◆ TASK
Transcribe exactly the line containing "Notes 2150 850" plus every later line in the data.
***
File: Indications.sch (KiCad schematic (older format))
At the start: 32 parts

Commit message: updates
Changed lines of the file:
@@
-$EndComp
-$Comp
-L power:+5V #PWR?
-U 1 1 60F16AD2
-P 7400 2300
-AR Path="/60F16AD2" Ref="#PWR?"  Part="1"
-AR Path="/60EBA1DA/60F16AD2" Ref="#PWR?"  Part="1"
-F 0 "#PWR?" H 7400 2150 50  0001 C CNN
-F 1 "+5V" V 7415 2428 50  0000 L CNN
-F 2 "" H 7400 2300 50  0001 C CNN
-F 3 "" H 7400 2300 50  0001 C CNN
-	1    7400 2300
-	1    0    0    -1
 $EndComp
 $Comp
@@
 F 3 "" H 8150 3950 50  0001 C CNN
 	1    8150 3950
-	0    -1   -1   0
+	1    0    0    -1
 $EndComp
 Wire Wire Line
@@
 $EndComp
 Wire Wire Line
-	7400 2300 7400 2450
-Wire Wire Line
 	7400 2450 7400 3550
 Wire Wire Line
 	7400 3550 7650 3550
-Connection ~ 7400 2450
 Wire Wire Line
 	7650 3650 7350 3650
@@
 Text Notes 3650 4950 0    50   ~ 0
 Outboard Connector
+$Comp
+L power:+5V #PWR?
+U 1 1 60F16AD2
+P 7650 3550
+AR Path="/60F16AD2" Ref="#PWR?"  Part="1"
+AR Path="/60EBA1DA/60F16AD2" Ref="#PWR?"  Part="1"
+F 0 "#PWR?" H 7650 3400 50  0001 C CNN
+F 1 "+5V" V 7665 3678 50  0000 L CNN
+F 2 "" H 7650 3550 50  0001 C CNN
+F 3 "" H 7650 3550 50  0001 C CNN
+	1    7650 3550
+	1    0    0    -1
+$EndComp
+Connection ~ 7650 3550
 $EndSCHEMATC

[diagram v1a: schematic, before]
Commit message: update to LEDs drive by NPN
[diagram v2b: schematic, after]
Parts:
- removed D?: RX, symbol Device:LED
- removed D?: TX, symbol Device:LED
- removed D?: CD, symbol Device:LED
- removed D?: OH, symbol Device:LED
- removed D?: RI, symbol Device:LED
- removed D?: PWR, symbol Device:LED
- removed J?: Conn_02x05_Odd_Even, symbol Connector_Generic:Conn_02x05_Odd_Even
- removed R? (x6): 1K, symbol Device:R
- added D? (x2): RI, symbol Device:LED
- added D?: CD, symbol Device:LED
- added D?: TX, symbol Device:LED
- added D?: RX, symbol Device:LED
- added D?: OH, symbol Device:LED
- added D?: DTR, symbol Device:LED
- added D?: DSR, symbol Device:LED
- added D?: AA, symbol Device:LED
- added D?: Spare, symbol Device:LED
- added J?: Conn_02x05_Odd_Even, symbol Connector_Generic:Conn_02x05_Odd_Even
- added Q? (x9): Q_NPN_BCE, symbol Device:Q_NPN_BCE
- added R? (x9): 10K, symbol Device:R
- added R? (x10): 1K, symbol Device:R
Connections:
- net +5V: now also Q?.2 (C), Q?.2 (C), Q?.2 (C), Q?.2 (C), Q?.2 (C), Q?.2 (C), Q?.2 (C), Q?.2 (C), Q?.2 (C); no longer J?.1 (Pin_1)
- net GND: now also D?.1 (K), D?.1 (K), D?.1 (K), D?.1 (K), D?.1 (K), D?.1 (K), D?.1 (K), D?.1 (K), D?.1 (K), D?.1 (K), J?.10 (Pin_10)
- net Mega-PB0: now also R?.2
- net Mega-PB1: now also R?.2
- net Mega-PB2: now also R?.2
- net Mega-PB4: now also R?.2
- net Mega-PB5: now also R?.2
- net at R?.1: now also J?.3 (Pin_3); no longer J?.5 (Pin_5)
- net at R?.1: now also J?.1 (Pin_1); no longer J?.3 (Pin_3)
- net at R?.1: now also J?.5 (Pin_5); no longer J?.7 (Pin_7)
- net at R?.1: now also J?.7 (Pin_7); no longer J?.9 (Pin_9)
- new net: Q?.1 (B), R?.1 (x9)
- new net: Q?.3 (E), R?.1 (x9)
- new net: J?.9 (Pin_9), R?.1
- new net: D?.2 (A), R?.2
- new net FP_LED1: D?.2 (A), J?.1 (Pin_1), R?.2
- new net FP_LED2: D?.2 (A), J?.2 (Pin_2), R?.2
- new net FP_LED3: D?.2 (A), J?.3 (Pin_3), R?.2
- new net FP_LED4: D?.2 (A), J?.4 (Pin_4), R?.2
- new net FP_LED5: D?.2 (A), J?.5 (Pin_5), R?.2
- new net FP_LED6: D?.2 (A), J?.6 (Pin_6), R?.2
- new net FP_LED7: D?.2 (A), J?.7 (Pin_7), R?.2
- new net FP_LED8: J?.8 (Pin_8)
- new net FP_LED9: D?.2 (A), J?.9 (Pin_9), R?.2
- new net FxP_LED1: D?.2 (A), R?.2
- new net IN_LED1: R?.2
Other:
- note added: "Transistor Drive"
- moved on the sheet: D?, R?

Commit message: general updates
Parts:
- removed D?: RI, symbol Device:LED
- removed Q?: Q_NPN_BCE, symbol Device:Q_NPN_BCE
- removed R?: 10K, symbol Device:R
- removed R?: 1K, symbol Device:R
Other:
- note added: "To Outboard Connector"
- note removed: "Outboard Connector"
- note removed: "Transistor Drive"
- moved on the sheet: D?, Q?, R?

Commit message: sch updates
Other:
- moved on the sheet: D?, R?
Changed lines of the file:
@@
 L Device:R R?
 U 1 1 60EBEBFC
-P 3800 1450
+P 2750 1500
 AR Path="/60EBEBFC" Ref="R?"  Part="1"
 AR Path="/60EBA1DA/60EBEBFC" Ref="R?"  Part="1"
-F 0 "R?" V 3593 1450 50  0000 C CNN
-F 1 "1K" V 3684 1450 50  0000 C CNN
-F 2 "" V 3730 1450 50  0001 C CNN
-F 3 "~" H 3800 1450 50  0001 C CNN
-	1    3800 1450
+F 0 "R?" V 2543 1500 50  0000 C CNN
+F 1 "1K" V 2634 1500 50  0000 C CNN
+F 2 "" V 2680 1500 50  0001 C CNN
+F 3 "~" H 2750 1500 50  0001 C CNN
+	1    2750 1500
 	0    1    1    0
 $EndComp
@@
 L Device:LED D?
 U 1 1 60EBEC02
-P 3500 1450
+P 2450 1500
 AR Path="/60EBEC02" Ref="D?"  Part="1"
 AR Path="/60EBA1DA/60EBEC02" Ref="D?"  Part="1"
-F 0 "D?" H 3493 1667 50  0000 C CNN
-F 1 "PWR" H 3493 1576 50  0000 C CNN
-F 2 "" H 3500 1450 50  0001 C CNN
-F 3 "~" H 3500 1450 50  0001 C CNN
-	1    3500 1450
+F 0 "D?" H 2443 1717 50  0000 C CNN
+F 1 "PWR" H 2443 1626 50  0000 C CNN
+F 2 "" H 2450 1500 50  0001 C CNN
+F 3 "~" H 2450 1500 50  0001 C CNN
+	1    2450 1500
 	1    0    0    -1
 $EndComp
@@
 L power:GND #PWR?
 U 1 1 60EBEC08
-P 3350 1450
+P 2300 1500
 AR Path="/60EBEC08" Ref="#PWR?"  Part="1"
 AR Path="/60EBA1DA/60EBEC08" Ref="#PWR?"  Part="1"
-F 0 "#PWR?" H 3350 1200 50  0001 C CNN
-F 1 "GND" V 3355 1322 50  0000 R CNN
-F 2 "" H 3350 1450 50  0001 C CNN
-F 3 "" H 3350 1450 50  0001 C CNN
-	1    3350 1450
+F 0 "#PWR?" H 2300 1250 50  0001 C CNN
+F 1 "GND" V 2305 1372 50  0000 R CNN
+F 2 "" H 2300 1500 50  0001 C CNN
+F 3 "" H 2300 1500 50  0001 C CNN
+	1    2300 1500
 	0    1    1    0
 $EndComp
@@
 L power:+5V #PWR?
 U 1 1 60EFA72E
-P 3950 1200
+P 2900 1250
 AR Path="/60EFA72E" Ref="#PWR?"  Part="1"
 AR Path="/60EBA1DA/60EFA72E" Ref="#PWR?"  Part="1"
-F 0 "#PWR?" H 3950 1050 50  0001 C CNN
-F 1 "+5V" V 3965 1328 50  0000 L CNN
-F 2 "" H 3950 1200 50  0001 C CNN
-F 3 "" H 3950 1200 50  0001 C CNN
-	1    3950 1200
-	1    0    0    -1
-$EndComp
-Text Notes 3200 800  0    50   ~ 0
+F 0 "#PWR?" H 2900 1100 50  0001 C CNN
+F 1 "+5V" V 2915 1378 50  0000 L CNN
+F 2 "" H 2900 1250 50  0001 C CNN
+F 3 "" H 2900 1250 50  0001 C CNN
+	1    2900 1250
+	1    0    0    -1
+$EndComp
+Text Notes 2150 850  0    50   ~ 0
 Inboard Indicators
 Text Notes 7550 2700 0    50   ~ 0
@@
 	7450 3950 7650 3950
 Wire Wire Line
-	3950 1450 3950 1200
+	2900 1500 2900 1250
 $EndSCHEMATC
***
◆ WRITTEN ANSWER
+Text Notes 2150 850  0    50   ~ 0
 Inboard Indicators
 Text Notes 7550 2700 0    50   ~ 0
@@
 	7450 3950 7650 3950
 Wire Wire Line
-	3950 1450 3950 1200
+	2900 1500 2900 1250
 $EndSCHEMATC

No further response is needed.